К сожалению, проблема взаимоотношений религии и политики часто сводится к проблеме отношений церкви (или другого религиозного института) и государства. Явления внецерковного и внегосударственного характера (транснациональные религиозные движения, религиозно мотивированный терроризм, религиозно-этнические конфликты) упоминаются вскользь. Между тем религия не тождественна «церкви» или любой другой официальной структуре. Религия часто появляется на мировой арене в виде системы транснациональных связей между государствами, отдельными группами, общинами и политическими движениями. Эти связи устанавливаются «поверх» государственных границ, создавая дополнительную систему взаимосвязей, сосуществующую с системой межгосударственных отношений. В каком-то смысле, происходит частичное возвращение мира к до государственному состоянию, когда лояльность человека может принадлежать как государству, так и транснациональной религиозной общности.

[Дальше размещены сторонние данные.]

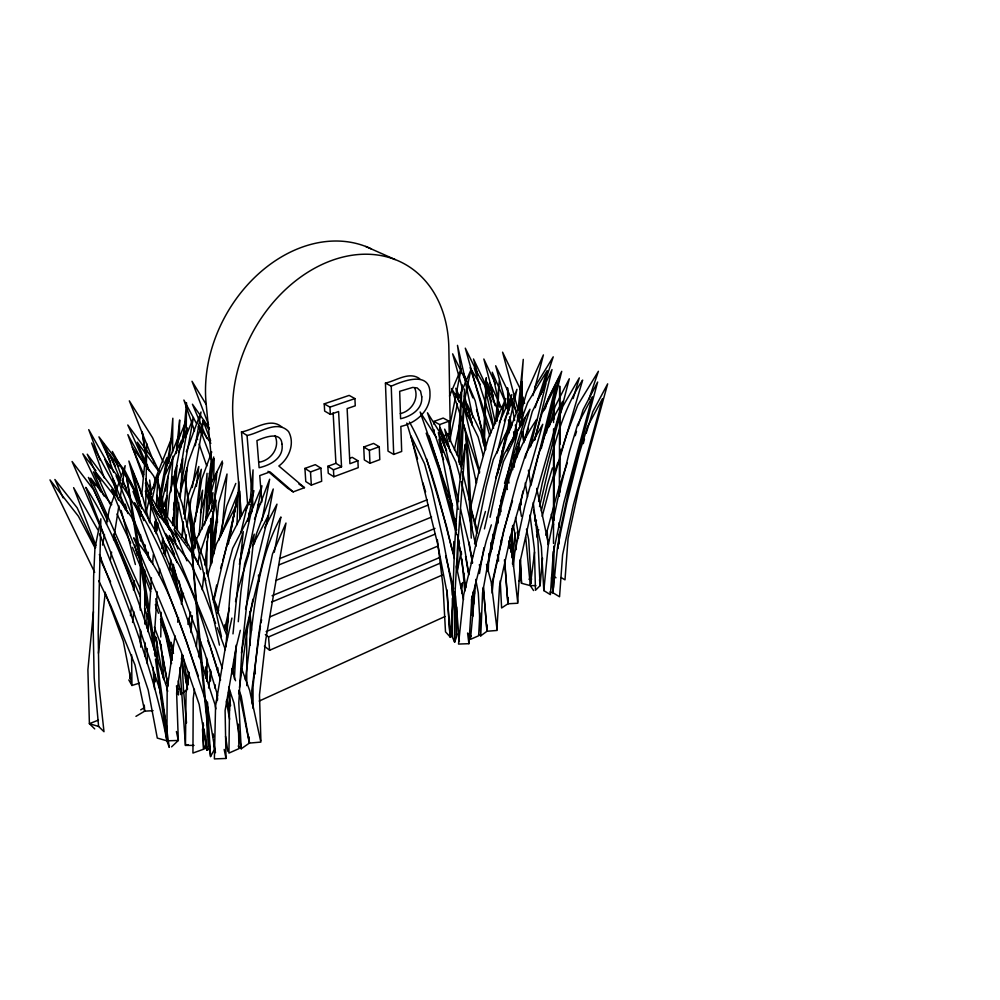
<?xml version="1.0" encoding="UTF-8"?>
<svg xmlns="http://www.w3.org/2000/svg" width="1000" height="1000" viewBox="0 0 1000 1000"><rect width="100%" height="100%" fill="white"/><g stroke="black" fill="none" stroke-linecap="round" stroke-linejoin="round"><path stroke-width="1.5" d="M205.275 564.688L205.287 560.037M206.575 573.8L207.125 541.188M553.5 543.45L553.575 428.75M554.025 520.262L554.087 429.812M559.862 477.088L559.975 449.113M560 444.45L559.675 386.05L559.338 496.3M456.7 607.112L456.725 636.425L454.625 642.138L452.137 636.55L452.212 624.3M452.238 621.237L452.375 598.288M452.4 595.225L452.463 584.513M140.375 557.837L140.287 610.112M140.5 540.95L140.55 534.812M146.825 627.888L146.925 614.05M236.962 524.763L238.713 481.712M454.95 596.038L454.625 642.138L454.7 599.325L457.375 549.525L465.4 444.212C454 507.537 453.488 572.375 452.137 636.55M559.138 527.2L559.163 522.562M559.775 492.638L559.837 483.3M172.537 452.438L172.838 418.237L168.837 463.237M209.75 503.025L210.025 473.35L206.238 519.925M210.538 565.85L210.987 519.212M211.15 502.113L211.363 478.787L208.9 509.062M186.175 435.5L186.525 402.7L183 442.25M207.463 701.9L206.925 750.037L209.613 749.125M553.45 587.487L553.913 546.087M156.225 608.8L156.325 601.112M549.888 592.013L552.925 592.737L557.513 547.438L567.075 501.863L579.412 452.912L587.525 426.662L602.5 398.65L573.4 504.7L562.6 554.788L559.55 596.775L552.925 592.737L553.462 551.25M559.375 539.012L559.462 532.95M144.713 569.938L144.762 624.038M145.025 549.663L145.1 544.975M145.625 512.2L146.725 443.55L141.575 496.075M558.95 544.038L559 541M559.038 537.962L559.087 534.925M160.763 637L161.175 612.325M478.562 634.388L480.75 635.837L487 631.25L487.113 625.15M170.525 569.85L170.763 562.2M206.137 520.125L207.05 473.325L202.013 529.062M179.312 437.062L179.662 419.963L176.513 449.45M211.488 541.8L211.588 537.15M211.988 563.038L213.05 511.65M213.713 478.963L214.137 458.713M250.25 611.225L250.125 645.2M252.213 511.812L253.05 469.862L250.037 502.25M173.675 579.975L174.213 567.612M500.225 580.812L501.613 607.987L507.925 603.775L508.1 597.625M484.3 446.188L486.325 377.7L483.237 443.188M140.95 516.263L141.088 511.613M453.413 553.763L453.8 541.538M456 527.163L456.087 524.038M457.325 570.288L458.113 545.837M458.212 542.788L458.312 539.738M148.1 556.9L148.262 552.238M454.387 523.138L454.575 518.488M472.125 615.087L473.025 592.062M488.212 571.788L488.975 553.475M458.713 462.062L462.025 384.613L457.137 455.112M490.7 551.85L491.087 542.55M147.25 648.562L147.287 663.787M147.988 631.737L151.463 577.8M461.312 466.825L464.675 388.975L459.513 464.45M153.675 645.75L157.287 591.85M172.587 525.25L172.963 517.55M225.837 646.925L230.4 589.5L234 561.175L243.275 531.538L232.987 633.888M165.238 556.05L165.787 545.2M187.987 685.025L188.625 672.663M459.225 630.9L459.075 633.925L456.512 634.775M155.025 531.138L155.688 518.775M156.337 506.413L158.05 473.963L151.175 503M497.188 421.087L499.312 380.562L495.575 421.938M229.438 689.388L229.462 710.837M234.4 678.812L236.225 645.05M479.862 612.95L478.65 635.763L470.487 639.35L475.562 583.763M509.562 548.45L510.213 536.225M511.163 552L512.6 525.638M176.475 527.3L178.738 502.837M196.363 646.9L197.613 632.975M163.562 553.612L164.288 541.237M165.725 516.475L168.062 476.25M170.837 491.85L172.987 456.2L160.963 505.3M191.537 551.712L194.638 519.4L202.613 490.188L199.188 534.8M496.912 629.3L499.55 586.263L511.075 534.412L542.75 424.3L525.875 453.812L516.975 481.138L503.612 531.938L493.438 579.125L492.125 593.088M491.55 585.688L503.738 530.4L512.525 500.825M498.338 559.925L498.525 556.812M514.188 467.2L514.963 454.875M180.287 497.2L182.825 458.387L175.55 487.225M485.438 511.475L476.463 542.163L463.713 594.688L458.525 644.062L468.9 643.688L471.812 598.9L486.175 541.213L491.35 524.875M517.663 602.15L520.475 559.913L531.8 509.1L562.663 401.362L546.413 430.188L537.775 456.912L524.712 506.637L514.712 552.875L513.362 566.575M170.05 568.713L170.675 559.475M172.95 525.588L177 465.513L169.488 494.538L167.387 517.4M516.737 457.312L517.362 447.987M519.125 421.562L523.263 359.387L518.025 410.25M558.05 548.587L558.913 536.312L569.4 486.788L597.663 382.025L583.088 409.775L578.275 425.625M182.025 537.075L183.15 521.65M183.713 513.938L187.075 467.663L179.325 496.725M213.85 553.85L218.675 503.038L227.025 474.012L222.075 529.637M214.913 537.888L217.013 517.987M516.213 434.862L516.55 430.238M517.463 417.938L517.688 414.862M149.662 522.85L151.062 504.525M152.587 563.837L153.35 554.538M160.325 512.95L160.575 509.9M209.638 532.6L210.275 524.9M210.538 521.825L210.787 518.737M211.425 511.037L212.938 492.562L204.387 524.888M165.425 491.05L165.938 485M211.337 538.1L216.875 471.737L210.387 494.938M452.663 636.038L450.1 636.888L453.45 597.05M512.487 564.05L515.087 533.112M190.888 632.562L192.35 615.8M238.275 621.712L240.875 592.163L244.662 563.8L254.213 534.15L241.975 649.038L238.787 702.987L241.238 748.763L249.387 743.088L260.863 742.1L249.688 690.525L241.588 668.538M173.525 509.938L174.2 502.362M248.8 516.125L249.075 513.05M542.537 558.075L540.1 585.675L535.487 590.275L534.338 548.725L530.025 515.037M491.987 547.888L493.275 534.212M93.438 611.725L87.9 669.788L89.4 723.688L94.725 728.9M185.425 542.388L186.175 534.75M543.812 590.588L548.237 545.363L557.562 499.837L569.625 450.962L577.575 424.75L592.325 396.763L563.825 502.663L553.288 552.688L550.388 594.625L543.812 590.588L541.362 546.812L533.55 510.288M98.438 653.2L105.325 592.188M209.137 489.175L212.062 459.725M210.387 490.175L213.7 456.975M159.012 574.837L159.637 568.65M161.663 548.525L162.75 537.7M164.312 522.225L166.975 495.925L161.3 513.212M182.188 537.05L183.475 524.775M202.25 589.738L204.062 572.75M204.887 565.025L209.025 526.425L198.912 556.7L197.887 564.237M207.1 516L207.438 512.95M196.6 512.8L201.8 478.963L211.737 451.912M130.45 615.65L131.5 606.562M133.412 589.9L134.462 580.812M132.562 622.425L133.8 611.587M191.788 551.112L192.5 544.938M193.038 540.312L193.588 535.675M195.2 521.788L201.325 469.288L191 499.175L186.912 527.112M245.25 679.587C253.5 624.975 253.912 566.512 280.912 516.987L274.288 552.25M140.5 630.85L140.338 643.25M196.325 486.413L198.825 466.525L187.887 496.7L184.4 518.862M230.425 692.062L229.65 698.162L228.925 753.088L238.938 748.65L238.4 724.163M232.763 673.787L235.675 650.938M533.575 590.562L530.3 585.6L534.6 552.087M156.075 533.638L157.988 523.288M194.425 689.262L193.225 698.512L192.938 753.05L203.637 749.212L205.787 745.75M198.625 656.862L200.625 641.425M207.138 491.987L211.575 458.263M238.663 693.587L239.062 690.55M239.475 687.513L246.688 632.825L252.913 599.163M205.362 675.888L207.438 660.537M208.575 688.012L210.875 671.137M100.438 560.237L100.862 557.2M217.237 691.65L216.488 702.325M206.45 679.013L207.575 671.388M175.037 635.825L167.175 688.55L166.9 740.812L169.225 747.35C156.637 655.837 142.975 564.425 125.975 473.612L154.037 649.925M189.15 673.138L186.038 693.188L185.463 745.4L194.025 745.387M214.812 688.012L215.287 684.925M217.45 671.025L217.938 667.938M110.412 559.788L111.625 552.075M113.55 539.725L118.875 505.775M120.087 498.062L125.162 465.662L109.325 509.263L106.487 524.188M182.587 654.8L176.625 693.062L178.337 740.475L171.575 746.862M211.562 555.612L216.475 525.025M216.975 521.975L217.463 518.913M179.975 472.512L187.463 427.912L178.425 452.438M192.288 487.55L203.612 420.275L188.438 461.875L185.45 476.788M471.262 563.325L472.537 555.825M474.55 543.812L486.262 486.312L493.3 459.5L506.95 431.012L484.425 528.875M195.287 445.675L201.025 412L186.375 451.662M479.45 573.538L483.938 547.712M241.425 653.012L244.4 636.138L276.975 504.15L264.675 527.688M211.462 547.688L217.4 514.125M154.887 531.325L156.537 522.15M158.463 511.438L171.625 438L155.15 479.325L153.238 488.263M176.05 453.525L179.638 433.713L165.463 469.175M180.963 447.575L185.675 421.688L177.562 441.975M180.5 488.15L193.45 417.562L185.35 437.775M266.75 524.188L273.25 488.988L256.438 533.837L254.225 544.125M261.95 520.538L269.65 479.237L254.488 519.2M449.375 441.538L457.35 403.9M260.45 625.875L251.788 690.375L252.2 704.125M261.025 622.8L261.6 619.738M511.5 535.288L513.488 524.763M519.6 509.025L522.987 490.962M102.525 545.087L104.513 534.637M157.438 508L167.05 457.475L150.988 491.688L146.463 511.375M229.175 539.587L236.788 500.025M228.3 544.237L238.3 492.275L220.575 536.275M173.175 483.225L181.513 440.375L165.562 474.15M457.25 571.4L461.025 551.987M461.375 588.6L462.575 582.537M463.775 576.475L464.387 573.45M226.262 629.038L228.388 618.387M239.638 562.125L242.975 545.4M247.838 521.075L253.912 490.662L245.763 510.387M449.637 426.488L461.238 368.562L449.487 396.062M177.638 622.188L178.55 617.625M181.3 603.962L183.438 593.337M217.463 613.413L224.2 579.85L232.662 548.325L251.112 512.775L239.387 564.325M247.787 556.213L261.962 485.812L249.2 516.65M534.663 520.938L535.262 517.938M538.587 501.438L542.212 483.45L569.3 378.775L555.1 406.55L549.212 426.712M454.438 449.7L460.712 419.162M463.525 405.425L470.737 370.312L466.55 379.95M213.512 600.075L216.7 584.987M490.075 517.263L496.25 488.438L503.462 461.587L517.35 433.075L491.763 541.625L482.587 592.8L480.75 635.837L478.288 592.875L475.712 579.4M497.35 474.225L506.6 437.688L522.688 397.163L512.95 439.462M231.912 618.075L225 649.6L215.575 706.062L214.387 758.913L226.012 758.45L225.1 710.537L235.875 648.525L240.325 630.325M235.525 601.562L238.487 588.05L249.513 551.663M486.938 568.337C499.663 517.725 506.525 463.387 536.712 419.475L525.275 457.925M524.412 440.588L532.275 411.587L545.887 383.825L530.525 446.763M535.45 524.788L536.462 520.237M539.513 506.575C550.363 463.413 557.362 417.7 582.638 380.1L554.2 477.15M213.425 503.862L222.675 462.9M219 540.037L226.625 506.225L235.787 483.438M187.887 624.275L190.637 612.175M207.463 538.062L216.038 500.25L196.612 538.9L192.562 553.987M224.575 629.513L229.4 608.288M497.3 474.075L498.713 468.025M499.412 465L516.95 389.35L504.3 420.8M213.438 602.312L235.963 505.875L216.3 544.175L207.638 575.7M470.337 508.562L479.087 471L488.338 438.062L505.875 398.488L474.55 523.475M536.512 531.512L537.55 527.087M541.35 510.838L547.562 484.25L552.413 468M240.725 533.312L247.862 503.237L228.113 541.462L222.688 560.938M245.525 609.087L268.538 515.075L252.325 546.237M534.663 440.25L552.013 369.575L537.737 399.95M531.087 484.688L555.788 385.65L541.95 413.45L534.612 439.45M546.275 433.075L561.737 371.325L548.038 398.888L545.212 408.9M497.1 453.1L511.825 394.6L499.338 422.75M583.3 443.65L584.45 439.113M541.225 448.725L559.4 377.05L545.425 404.787L543.775 410.55M532.962 395.6L543.4 354.9L526.65 392.512L518.513 420.913M536.737 536.912L538.688 529.575M542.188 516.375L549.587 488.488L557.875 462.225M200.475 513.112L205.3 495M545.9 535.337L558.775 487.938L567.3 462.837M220.6 568.425L221.85 563.938M573.15 398.562L579.312 377.875L562.75 406.538L555.35 428.55M575.212 435.712L576.525 431.388M586.175 433.263L592.863 411.613L607.663 383.85L578.812 488.75L568.075 538.337L565 579.85L561.075 577.513M559.712 456.388L566.625 434.5L577.762 405.15L598.4 371.287L588.875 399.35M504.525 483.288L525.225 417.938L504.212 454.075L495.65 478.1M500.6 501.488L529.975 409.237L509.125 444.938L507.025 450.788M524.587 440.238L528.438 428.387M535.188 407.638L547.238 370.6L527.712 402.488L519.438 425.05M541.15 393.9L553.225 356.838L534.788 387.013M458.775 397.85L465.35 382.7M206.663 492.275L222.338 461.062M471.1 635.975L469.25 638.062L469.025 633.488M187.662 688.95L180.712 694.575L178.312 680.863M209.163 748.35L206.925 750.037L204.675 746.3M518.825 581.075L521.138 579.425M165.525 683.612L167.825 682.163M135.95 716.35L144.675 711.162L153.075 710.662M140.712 709.85L144.412 707.663M259.2 701.05L444.963 616.525M264.375 646.15L269.613 650.275L442.863 574.812M265.363 634.487L268.525 636.95L439.812 563.337M266.137 631.625L439.95 557.388M269.862 616.9L437.987 546.025M271.6 602.1L434.925 534.225M272.087 595.712L435 528.425M400.288 413.612C411.413 411.213 419.237 398.875 414.725 388.013M275.825 580.475L431.6 517.05M279.088 564.837L428.375 504.95M447.225 497.388L450.125 496.225L450.325 507.95M279.5 558.663L427.1 499.825M98.475 720.075L89.4 723.688L98.612 726.462L103.987 731.7L99.025 686.325L98.188 632.762L100.875 518.775L94.938 548.288L93.637 576.438L93.2 628.913L94.175 677.675L98.612 726.462M258.125 504.938L260.7 503.975M268 471.287L287.688 488.263L293.2 491.875L304.488 487.675L278.85 465.988C289.175 458.45 295.175 443.325 288.562 431.562C277.15 419.338 259.662 433.225 247.037 435.475L241.488 431.95L247.537 503.113L249.713 504.613M311.337 485.125L321.675 481.275L320.887 468.137L315.287 464.65L304.925 468.425L305.775 481.562L311.337 485.125L310.5 471.95L304.925 468.425M357.887 460.75L349.913 463.7L347.125 408.6L355.25 405.8L354.913 398.6L349.162 395.4L324.237 403.862L324.65 411.087L330.35 414.387L338.6 411.538L341.538 466.788L335.925 463.338L327.85 466.3L328.25 473.25L333.837 476.737L358.212 467.663L357.887 460.75L352.238 457.35L349.588 458.325M369.963 463.288L379.787 459.625L379.263 446.737L373.575 443.413L363.725 447.013L364.312 459.9L369.963 463.288L369.387 450.35L363.725 447.013M393.7 454.438L401.675 451.463L400.85 426.438C416.188 423.088 430.625 410.462 429.975 393.75C430.3 370.387 403.15 380.838 391.238 386.188L385.438 383.075L388.013 451.125L393.7 454.438L391.238 386.188M443.913 435.737L449.188 433.775L448.963 421.175L443.188 418.062L433.925 421.425L433.988 424.225M327.85 466.3L333.45 469.775L341.538 466.788M310.5 471.95L320.887 468.137M369.387 450.35L379.263 446.737M433.925 421.425L439.7 424.575L448.963 421.175M258.9 462.25C271.112 460.438 280.525 447.4 274.95 435.588M324.237 403.862L329.938 407.137L354.913 398.6M241.488 431.95C253.938 429.888 270.363 416.562 282.062 427.262M385.438 383.075C396.05 380.938 409.175 370.988 419.7 378.775M139.362 683.15L131.962 685.462L128.812 679.938M188.238 744.638L185.463 745.4L179.925 667.513M483.375 588.075L487 631.25L497.163 630.438L491.2 582.15L486.463 564.263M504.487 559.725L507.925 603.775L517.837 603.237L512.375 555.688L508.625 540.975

По мнению крупнейшего современного исследователя Бенедикта Андерсона, религиозные сообщества досовременной эпохи не были привязаны к определенной территории: будучи глобальными, они простирались почти безгранично, объединенные священными языками и общими сакральными текстами.[142] Это утверждение вполне справедливо для средневековой Европы. Христианство было доминантой европейской истории, а Римская Церковь претендовала на гегемонию в пределах всех европейских государств и стремилась расширить спектр своего влияния на другие культуры (цивилизации). Языками-объединителями разных религий были латынь (для Европы), арабский, церковнославянский и другие языки священных текстов. Но уже в позднем Средневековье начинается процесс «территориализации вероисповеданий», предвосхищавший переход к сакрализации нации и территории.[143]
В раннее средневековье многие аспекты международных отношений: политики и дипломатии, были обусловлены религиозным фактором. Он проявлялся, во-первых, в концепции военной политики (поход на неверных). Примером, иллюстрирующим проявления религиозного фактора можно назвать взаимоотношения между европейскими народами (преимущественно англичанами и французами) к скандинавским викингам. В большинстве средневековых произведений, так или иначе касающихся викингов, последние практически всегда рассматриваются как «исчадие ада, порождение дьявола, свирепые язычники»,[144] испытывающие особую ненависть к христианам - в этом плане не является исключением «Англосаксонская хроника», центральный источник по истории англо-скандинавских отношений IX-XI веков. Так, в данном произведении, при описании событий с 787 по 865 гг. отряды, атаковавшие Англию, гораздо чаще называются именно «языческими», нежели собственно «датскими».[145] При этом сами набеги северян рассматривались как наказание Божье за грехи англосаксов (Жителей Британских островов). Подобные сентенции можно встретить очень у многих авторов, творивших на протяжении всего анализируемого периода, - от Алкуина из Йорка, в конце VIII в. в своих посланиях цитировавшего слова пророка Иеремии о «бедствиях от Севера», до епископа Вульфстана, в «эсхатологических» проповедях первой декады XI в. попрекавшего англичан за «преступления против семьи, родства, лордов и церкви».[146] Наконец, в качестве основной причины прекращения викингских походов и смягчения нравов «диких данов, норвежцев и свеев» называлось именно принятие ими христианства, о чем писал, в частности, Адам Бременский: «Прежде они могли лишь точить зубы, как истые варвары, а теперь воспевают хвалу Господу».[147] Несомненно, главной причиной возникновения подобного взгляда был тот факт, что авторами большинства произведений, в которых содержатся упоминания о викингах, были именно церковные деятели, в наибольшей степени пострадавшие от нашествий и в то же время стремившиеся использовать их в своих интересах – как фактор «запугивающий» и призывающий к покаянию перед Церковью. Наконец, христианские авторы – что вполне естественно - воспринимали и вообще большинство событий через призму исповедуемой ими и господствующей в обществе религии.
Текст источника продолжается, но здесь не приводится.